> _Required work_
Copy every line from the data below in which the string "Scope" can be found.

Excerpts from a dataset
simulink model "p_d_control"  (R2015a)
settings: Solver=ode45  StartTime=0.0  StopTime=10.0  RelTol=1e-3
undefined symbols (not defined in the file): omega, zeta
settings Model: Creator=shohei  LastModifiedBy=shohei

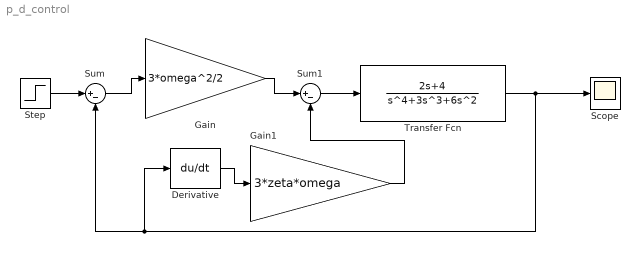
== system p_d_control ==
  Derivative : Derivative
  Gain : Gain  Gain=3*omega^2/2
  Gain1 : Gain  Gain=3*zeta*omega
  Scope : Scope
  Step : Step  SampleTime=0
  Sum : Sum  Inputs=|+-
  Sum1 : Sum  Inputs=|+-
  Transfer Fcn : TransferFcn  Numerator=[2 4]  Denominator=[1 3 6 0 0]
  wires:
  Transfer Fcn/1 -> Derivative/1, Sum/2, Scope/1
  Step/1 -> Sum/1
  Sum/1 -> Gain/1
  Gain/1 -> Sum1/1
  Sum1/1 -> Transfer Fcn/1
  Gain1/1 -> Sum1/2
  Derivative/1 -> Gain1/1

> _Reply to the task_
  Scope : Scope
  Transfer Fcn/1 -> Derivative/1, Sum/2, Scope/1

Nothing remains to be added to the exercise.